■ Work to be completed
Up to and including the final line, retype each line of the records below, starting with the one that contains "2018-12-30 Übernahme aus".

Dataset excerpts
__________________________________________________

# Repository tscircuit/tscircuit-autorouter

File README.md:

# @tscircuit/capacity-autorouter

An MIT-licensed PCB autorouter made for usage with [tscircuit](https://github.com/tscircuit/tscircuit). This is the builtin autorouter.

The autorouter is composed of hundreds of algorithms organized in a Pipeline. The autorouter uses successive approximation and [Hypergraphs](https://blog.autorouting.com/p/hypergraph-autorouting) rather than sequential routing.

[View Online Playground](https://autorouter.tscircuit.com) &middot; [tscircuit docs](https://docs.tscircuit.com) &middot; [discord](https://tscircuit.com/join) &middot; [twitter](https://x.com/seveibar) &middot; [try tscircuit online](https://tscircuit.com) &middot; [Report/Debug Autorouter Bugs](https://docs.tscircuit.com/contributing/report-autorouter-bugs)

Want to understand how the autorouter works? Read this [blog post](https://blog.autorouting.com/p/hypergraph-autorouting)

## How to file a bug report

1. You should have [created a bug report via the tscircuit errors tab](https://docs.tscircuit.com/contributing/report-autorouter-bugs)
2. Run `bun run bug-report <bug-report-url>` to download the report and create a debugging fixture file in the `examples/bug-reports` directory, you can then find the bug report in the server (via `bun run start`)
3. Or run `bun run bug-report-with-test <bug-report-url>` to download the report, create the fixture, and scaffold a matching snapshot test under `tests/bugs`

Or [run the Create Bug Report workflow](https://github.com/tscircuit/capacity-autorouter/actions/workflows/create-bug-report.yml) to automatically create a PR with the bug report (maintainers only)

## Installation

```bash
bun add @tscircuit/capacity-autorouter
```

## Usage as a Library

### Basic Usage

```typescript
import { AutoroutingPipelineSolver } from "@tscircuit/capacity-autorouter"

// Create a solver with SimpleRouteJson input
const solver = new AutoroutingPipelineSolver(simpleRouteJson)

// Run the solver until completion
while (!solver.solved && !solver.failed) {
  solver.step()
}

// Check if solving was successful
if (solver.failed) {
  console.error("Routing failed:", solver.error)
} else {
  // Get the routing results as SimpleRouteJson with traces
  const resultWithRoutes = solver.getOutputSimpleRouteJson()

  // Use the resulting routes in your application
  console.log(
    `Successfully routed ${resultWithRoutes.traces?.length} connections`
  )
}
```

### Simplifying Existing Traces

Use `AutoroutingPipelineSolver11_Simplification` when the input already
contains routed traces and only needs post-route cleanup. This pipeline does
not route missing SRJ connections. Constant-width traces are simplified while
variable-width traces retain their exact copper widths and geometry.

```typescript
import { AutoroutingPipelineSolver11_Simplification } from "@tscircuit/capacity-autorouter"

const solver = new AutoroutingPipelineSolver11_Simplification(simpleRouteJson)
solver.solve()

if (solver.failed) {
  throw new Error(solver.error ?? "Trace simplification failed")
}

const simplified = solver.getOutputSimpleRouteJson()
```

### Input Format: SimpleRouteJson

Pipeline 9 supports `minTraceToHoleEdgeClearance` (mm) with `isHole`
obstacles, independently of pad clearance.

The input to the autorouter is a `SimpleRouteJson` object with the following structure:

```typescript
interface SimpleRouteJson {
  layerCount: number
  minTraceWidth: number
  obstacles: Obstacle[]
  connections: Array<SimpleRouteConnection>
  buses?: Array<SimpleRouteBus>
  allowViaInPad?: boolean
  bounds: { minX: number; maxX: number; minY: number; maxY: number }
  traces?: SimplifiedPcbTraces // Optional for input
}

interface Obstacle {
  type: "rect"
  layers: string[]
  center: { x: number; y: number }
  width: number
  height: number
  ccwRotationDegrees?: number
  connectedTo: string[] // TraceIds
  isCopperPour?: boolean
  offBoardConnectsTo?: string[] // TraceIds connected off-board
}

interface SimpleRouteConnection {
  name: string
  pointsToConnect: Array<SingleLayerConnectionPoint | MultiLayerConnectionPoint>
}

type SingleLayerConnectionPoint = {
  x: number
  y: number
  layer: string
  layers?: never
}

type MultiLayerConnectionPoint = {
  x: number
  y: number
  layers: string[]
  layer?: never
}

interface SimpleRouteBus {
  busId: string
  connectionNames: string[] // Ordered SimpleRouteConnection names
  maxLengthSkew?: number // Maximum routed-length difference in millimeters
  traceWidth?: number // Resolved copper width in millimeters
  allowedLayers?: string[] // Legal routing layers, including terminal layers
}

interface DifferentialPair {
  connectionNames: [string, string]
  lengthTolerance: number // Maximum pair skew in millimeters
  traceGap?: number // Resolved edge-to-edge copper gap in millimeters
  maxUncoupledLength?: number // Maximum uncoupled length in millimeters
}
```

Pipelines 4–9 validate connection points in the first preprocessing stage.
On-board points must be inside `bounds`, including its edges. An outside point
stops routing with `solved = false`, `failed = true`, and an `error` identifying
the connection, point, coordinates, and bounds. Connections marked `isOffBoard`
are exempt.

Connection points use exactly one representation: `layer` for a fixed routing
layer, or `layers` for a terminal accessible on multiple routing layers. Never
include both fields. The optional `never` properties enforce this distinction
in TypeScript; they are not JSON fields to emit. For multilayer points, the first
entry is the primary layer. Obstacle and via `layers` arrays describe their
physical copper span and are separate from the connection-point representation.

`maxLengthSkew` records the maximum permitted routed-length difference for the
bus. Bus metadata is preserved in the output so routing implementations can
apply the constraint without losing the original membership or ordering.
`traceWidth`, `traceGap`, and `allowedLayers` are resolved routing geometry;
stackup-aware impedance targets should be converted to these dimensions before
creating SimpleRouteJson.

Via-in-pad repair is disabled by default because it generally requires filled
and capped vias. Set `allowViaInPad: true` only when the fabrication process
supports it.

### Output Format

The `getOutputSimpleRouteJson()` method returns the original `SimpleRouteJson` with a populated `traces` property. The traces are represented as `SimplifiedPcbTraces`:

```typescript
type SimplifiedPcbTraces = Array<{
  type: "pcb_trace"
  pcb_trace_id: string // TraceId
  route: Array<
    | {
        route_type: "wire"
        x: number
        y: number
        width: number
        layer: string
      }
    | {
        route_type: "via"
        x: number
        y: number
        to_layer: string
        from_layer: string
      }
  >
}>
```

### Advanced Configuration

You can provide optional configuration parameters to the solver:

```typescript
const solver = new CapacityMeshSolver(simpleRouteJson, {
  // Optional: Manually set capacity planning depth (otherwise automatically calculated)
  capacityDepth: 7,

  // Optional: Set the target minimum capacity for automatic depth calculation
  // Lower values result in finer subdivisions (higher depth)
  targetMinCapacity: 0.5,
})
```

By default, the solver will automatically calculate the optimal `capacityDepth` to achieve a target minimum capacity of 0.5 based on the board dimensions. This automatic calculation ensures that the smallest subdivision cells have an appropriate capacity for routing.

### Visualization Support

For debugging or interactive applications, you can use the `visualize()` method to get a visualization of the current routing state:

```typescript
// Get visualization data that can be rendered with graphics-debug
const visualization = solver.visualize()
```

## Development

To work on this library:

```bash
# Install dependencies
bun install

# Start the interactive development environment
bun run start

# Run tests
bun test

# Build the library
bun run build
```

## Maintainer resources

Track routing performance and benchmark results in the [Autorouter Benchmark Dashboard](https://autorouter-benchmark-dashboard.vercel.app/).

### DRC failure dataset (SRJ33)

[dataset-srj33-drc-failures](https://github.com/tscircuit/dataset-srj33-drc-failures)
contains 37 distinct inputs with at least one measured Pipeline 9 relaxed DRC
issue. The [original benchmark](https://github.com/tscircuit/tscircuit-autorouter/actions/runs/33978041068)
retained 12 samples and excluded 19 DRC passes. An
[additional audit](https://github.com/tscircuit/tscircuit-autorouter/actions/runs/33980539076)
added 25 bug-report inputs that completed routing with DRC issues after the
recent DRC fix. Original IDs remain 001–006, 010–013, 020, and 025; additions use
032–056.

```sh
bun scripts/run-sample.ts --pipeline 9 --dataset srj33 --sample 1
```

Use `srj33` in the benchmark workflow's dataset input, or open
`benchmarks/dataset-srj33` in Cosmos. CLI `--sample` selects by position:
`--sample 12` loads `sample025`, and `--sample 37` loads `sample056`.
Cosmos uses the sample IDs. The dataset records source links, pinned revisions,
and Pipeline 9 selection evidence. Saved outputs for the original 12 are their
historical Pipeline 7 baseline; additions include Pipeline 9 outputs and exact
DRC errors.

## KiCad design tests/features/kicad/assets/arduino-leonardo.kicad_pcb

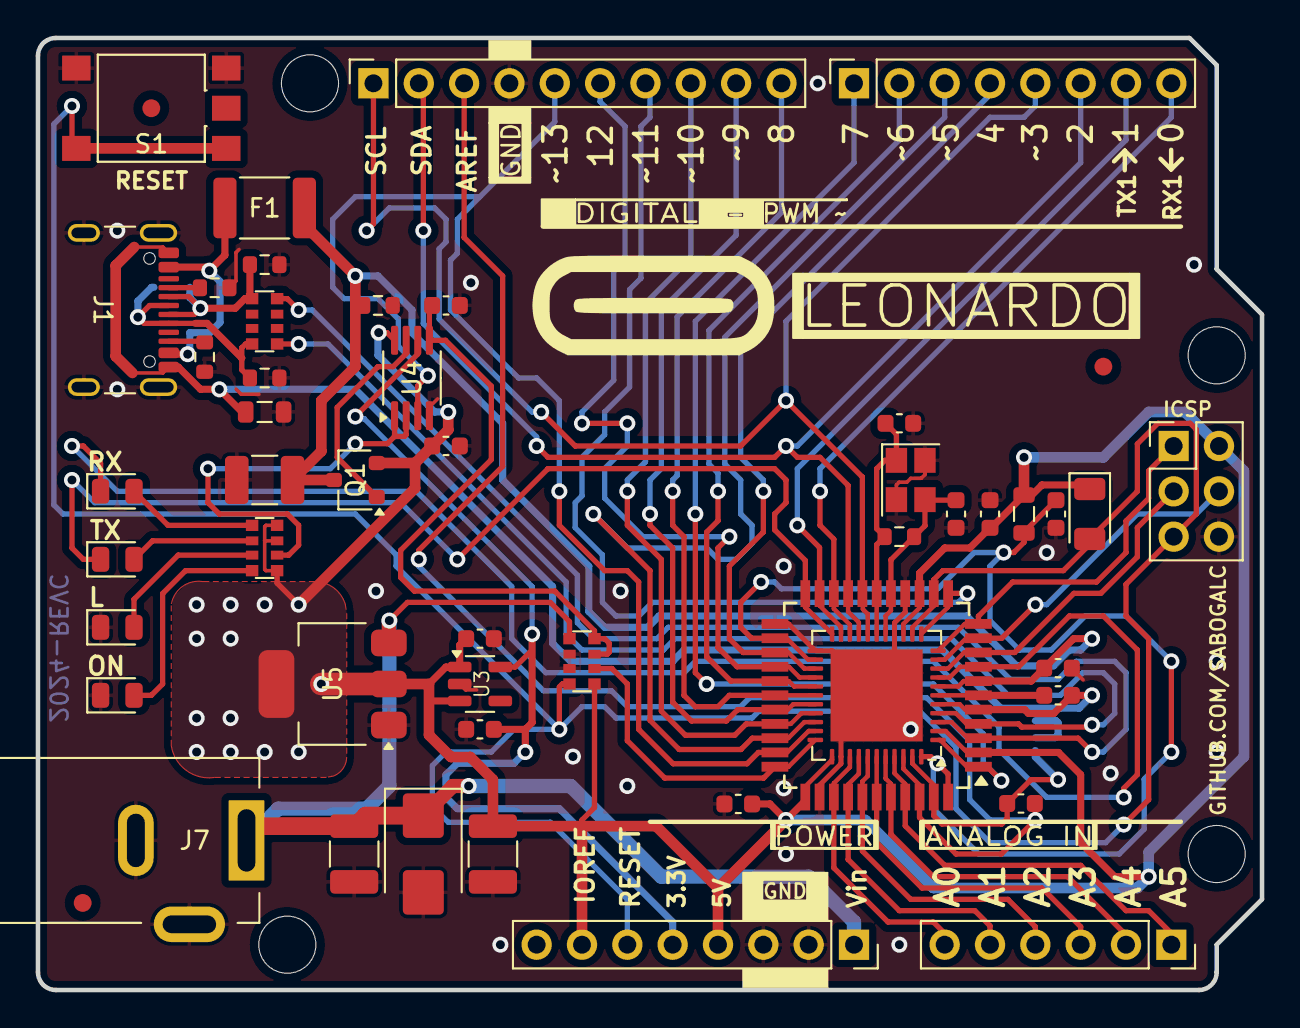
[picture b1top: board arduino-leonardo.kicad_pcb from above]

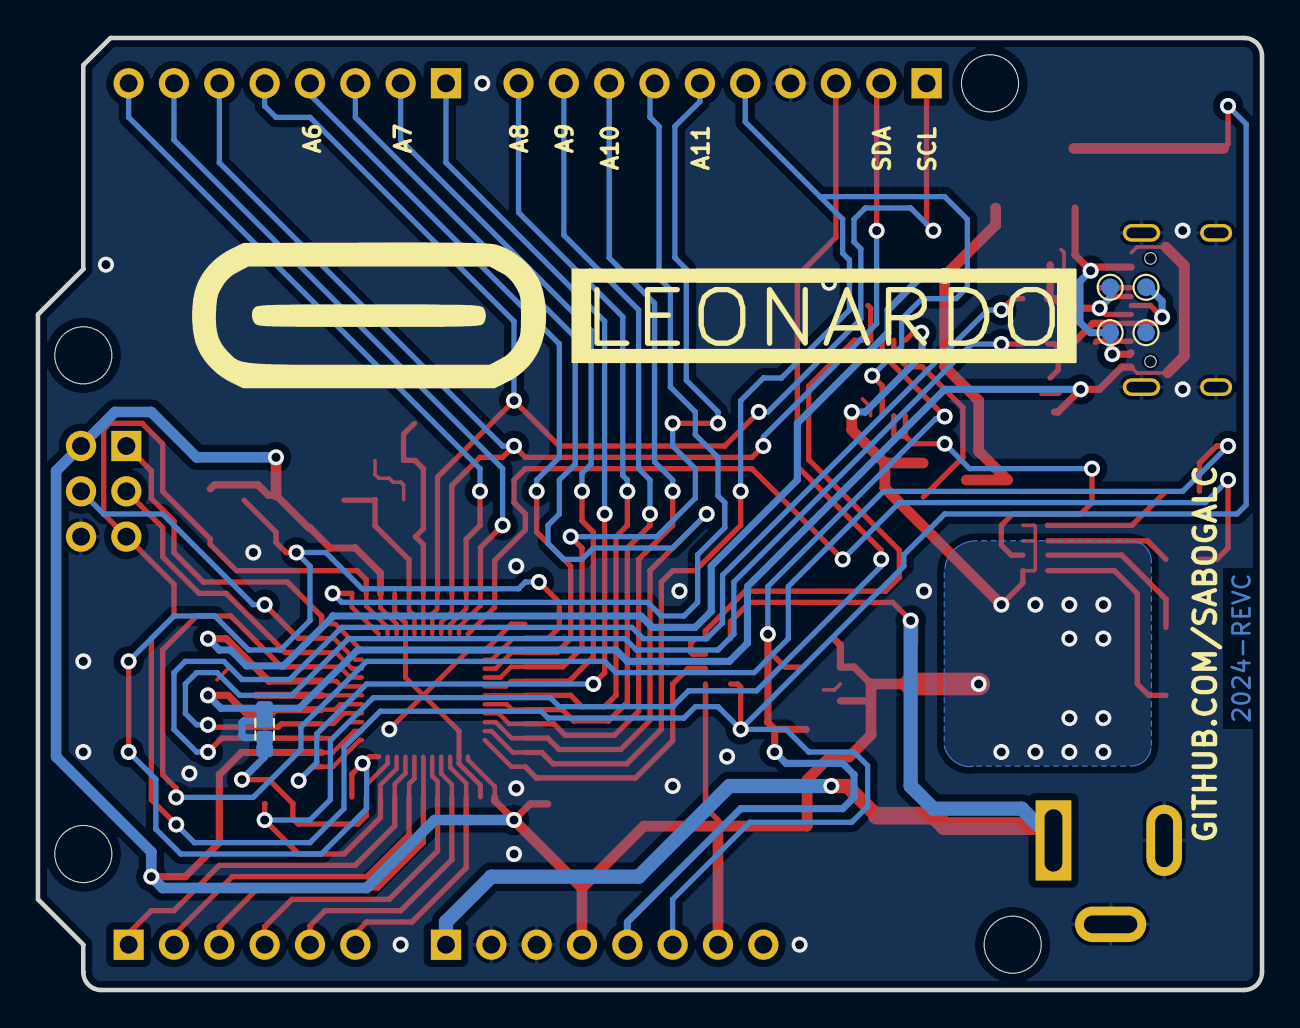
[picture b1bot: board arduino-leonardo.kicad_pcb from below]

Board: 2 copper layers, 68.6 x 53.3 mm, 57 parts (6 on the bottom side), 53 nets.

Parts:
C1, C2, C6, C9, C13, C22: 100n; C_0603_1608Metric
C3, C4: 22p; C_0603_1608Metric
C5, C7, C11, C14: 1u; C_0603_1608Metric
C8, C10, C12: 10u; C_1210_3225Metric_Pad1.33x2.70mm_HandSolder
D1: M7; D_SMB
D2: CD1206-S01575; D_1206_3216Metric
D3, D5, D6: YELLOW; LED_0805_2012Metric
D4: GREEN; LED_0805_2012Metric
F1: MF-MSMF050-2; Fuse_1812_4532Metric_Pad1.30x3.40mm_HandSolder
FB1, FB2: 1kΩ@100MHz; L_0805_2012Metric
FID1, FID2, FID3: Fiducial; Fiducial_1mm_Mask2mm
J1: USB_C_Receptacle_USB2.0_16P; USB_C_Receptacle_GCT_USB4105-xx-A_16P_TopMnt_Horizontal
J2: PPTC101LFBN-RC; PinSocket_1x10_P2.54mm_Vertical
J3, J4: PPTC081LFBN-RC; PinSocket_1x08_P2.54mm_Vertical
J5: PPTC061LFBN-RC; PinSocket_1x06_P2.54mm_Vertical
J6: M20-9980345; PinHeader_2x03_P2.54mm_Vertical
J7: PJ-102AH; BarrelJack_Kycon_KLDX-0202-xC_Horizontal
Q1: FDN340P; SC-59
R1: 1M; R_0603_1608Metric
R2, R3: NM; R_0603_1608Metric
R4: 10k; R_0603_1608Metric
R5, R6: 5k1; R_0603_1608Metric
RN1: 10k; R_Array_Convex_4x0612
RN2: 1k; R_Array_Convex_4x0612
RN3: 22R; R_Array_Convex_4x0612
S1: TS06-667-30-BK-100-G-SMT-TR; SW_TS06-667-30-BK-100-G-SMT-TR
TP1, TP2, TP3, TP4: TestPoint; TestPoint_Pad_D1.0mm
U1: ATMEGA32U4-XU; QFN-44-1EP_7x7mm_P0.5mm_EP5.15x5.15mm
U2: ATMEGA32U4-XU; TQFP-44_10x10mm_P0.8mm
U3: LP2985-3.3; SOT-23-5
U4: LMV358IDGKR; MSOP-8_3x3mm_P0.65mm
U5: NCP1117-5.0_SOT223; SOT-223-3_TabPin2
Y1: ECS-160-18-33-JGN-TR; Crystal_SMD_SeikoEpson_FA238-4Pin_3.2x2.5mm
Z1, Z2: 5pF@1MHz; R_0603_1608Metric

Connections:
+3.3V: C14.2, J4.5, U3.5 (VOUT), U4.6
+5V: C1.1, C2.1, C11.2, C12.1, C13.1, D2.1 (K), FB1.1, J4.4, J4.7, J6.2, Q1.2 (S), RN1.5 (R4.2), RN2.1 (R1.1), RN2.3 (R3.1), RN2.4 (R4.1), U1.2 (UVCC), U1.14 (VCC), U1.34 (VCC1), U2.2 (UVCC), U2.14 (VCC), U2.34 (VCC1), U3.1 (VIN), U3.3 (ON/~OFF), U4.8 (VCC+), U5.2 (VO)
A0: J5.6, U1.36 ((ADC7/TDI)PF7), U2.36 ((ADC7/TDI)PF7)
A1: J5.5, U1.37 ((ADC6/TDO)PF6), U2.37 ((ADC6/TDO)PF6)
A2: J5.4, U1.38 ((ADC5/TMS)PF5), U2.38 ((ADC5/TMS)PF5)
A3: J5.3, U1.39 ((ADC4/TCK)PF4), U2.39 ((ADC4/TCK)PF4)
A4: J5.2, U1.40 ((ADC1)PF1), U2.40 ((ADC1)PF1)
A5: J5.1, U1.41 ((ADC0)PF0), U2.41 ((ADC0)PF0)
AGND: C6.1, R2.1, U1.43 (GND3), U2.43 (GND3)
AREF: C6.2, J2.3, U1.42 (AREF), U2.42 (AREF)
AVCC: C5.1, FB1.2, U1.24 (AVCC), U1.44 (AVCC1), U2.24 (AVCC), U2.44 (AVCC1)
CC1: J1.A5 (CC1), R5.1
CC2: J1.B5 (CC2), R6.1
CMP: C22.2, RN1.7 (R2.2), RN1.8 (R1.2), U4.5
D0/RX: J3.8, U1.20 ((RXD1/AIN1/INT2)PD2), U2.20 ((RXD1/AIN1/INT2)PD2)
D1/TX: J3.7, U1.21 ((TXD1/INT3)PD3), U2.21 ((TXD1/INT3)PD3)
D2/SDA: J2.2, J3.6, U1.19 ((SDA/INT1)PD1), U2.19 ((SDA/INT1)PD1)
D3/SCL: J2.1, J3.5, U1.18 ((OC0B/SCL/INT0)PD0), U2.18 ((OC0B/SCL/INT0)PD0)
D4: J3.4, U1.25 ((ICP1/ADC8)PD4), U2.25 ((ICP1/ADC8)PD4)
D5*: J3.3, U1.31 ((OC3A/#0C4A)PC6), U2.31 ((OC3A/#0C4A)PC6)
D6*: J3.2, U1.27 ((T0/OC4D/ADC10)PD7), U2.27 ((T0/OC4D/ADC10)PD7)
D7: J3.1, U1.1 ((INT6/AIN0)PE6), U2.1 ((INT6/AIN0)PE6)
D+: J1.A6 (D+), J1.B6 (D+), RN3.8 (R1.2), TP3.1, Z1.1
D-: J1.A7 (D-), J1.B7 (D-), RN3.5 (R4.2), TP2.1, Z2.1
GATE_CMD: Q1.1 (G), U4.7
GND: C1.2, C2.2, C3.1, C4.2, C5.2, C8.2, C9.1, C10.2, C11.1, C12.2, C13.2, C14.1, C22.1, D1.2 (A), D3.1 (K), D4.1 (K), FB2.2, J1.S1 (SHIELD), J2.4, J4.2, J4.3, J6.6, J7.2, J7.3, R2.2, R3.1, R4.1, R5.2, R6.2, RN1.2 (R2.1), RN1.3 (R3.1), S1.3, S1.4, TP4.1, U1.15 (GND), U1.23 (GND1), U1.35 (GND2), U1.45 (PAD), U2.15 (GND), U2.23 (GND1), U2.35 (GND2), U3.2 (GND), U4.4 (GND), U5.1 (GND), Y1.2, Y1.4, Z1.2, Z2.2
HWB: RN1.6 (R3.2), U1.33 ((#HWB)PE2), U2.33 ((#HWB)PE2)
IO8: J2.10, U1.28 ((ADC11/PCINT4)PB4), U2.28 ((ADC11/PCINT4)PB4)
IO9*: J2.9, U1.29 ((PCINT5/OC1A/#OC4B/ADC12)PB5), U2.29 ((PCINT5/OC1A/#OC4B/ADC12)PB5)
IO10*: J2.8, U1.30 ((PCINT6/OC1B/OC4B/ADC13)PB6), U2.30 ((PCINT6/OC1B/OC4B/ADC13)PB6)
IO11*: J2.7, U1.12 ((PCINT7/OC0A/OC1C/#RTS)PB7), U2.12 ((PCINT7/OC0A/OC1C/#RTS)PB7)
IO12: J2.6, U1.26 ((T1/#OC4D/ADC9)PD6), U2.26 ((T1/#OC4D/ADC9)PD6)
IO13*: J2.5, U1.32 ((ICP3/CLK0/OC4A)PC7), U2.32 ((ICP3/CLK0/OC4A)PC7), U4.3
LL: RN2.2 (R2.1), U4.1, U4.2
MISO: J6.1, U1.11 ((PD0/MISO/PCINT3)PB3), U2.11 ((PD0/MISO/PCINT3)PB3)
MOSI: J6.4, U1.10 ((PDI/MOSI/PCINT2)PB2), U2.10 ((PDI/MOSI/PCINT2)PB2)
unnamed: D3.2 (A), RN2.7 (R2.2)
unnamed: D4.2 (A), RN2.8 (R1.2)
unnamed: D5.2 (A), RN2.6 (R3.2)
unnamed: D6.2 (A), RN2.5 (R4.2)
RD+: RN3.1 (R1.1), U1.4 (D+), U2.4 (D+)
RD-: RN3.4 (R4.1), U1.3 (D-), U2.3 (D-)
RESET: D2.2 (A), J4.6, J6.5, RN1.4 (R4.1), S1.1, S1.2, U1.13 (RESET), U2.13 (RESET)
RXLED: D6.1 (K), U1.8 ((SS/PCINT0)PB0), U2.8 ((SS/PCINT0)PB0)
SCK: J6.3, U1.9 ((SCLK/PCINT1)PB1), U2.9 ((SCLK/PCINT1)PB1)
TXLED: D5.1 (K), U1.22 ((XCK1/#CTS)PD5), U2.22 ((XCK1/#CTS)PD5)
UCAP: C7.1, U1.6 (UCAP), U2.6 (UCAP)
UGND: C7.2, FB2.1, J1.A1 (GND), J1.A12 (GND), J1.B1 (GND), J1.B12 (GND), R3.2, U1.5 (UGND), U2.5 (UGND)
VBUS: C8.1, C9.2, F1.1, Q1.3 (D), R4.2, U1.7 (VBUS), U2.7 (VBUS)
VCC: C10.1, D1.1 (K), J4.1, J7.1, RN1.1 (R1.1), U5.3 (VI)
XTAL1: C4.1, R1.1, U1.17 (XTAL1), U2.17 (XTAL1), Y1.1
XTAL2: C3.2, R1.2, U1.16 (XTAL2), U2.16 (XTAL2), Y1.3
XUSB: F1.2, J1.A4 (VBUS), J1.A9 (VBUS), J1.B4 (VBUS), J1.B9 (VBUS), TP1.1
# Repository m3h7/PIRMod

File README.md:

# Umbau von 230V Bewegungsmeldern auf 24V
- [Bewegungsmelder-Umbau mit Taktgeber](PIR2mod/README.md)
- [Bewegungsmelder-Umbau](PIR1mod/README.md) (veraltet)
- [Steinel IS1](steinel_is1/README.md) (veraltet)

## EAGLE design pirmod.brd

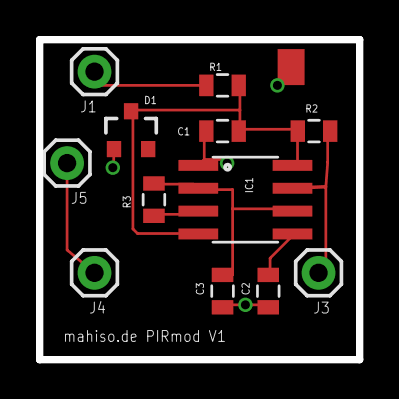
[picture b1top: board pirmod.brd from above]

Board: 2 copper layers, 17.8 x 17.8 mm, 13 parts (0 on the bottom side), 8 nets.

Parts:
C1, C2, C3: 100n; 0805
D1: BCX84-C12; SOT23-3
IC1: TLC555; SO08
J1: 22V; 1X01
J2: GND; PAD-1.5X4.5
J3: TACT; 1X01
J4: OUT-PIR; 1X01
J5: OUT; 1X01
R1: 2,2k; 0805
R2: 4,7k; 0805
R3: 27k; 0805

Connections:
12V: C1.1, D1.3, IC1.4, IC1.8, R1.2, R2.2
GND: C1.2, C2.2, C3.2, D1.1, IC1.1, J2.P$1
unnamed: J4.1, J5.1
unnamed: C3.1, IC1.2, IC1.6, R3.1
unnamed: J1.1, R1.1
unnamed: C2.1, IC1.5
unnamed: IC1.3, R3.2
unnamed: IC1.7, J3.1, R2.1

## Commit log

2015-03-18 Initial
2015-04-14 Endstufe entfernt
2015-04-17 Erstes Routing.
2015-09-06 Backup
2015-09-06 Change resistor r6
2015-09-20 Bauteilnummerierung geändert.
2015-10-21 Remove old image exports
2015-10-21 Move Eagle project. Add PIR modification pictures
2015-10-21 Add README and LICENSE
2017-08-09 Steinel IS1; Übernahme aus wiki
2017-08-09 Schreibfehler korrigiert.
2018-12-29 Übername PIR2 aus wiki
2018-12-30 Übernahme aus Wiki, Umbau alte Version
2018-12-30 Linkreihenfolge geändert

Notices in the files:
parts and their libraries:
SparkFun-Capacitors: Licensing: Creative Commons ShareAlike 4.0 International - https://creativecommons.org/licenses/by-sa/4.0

__________________________________________________

■ Exercise solution
2018-12-30 Übernahme aus Wiki, Umbau alte Version
2018-12-30 Linkreihenfolge geändert

Notices in the files:
parts and their libraries:
SparkFun-Capacitors: Licensing: Creative Commons ShareAlike 4.0 International - https://creativecommons.org/licenses/by-sa/4.0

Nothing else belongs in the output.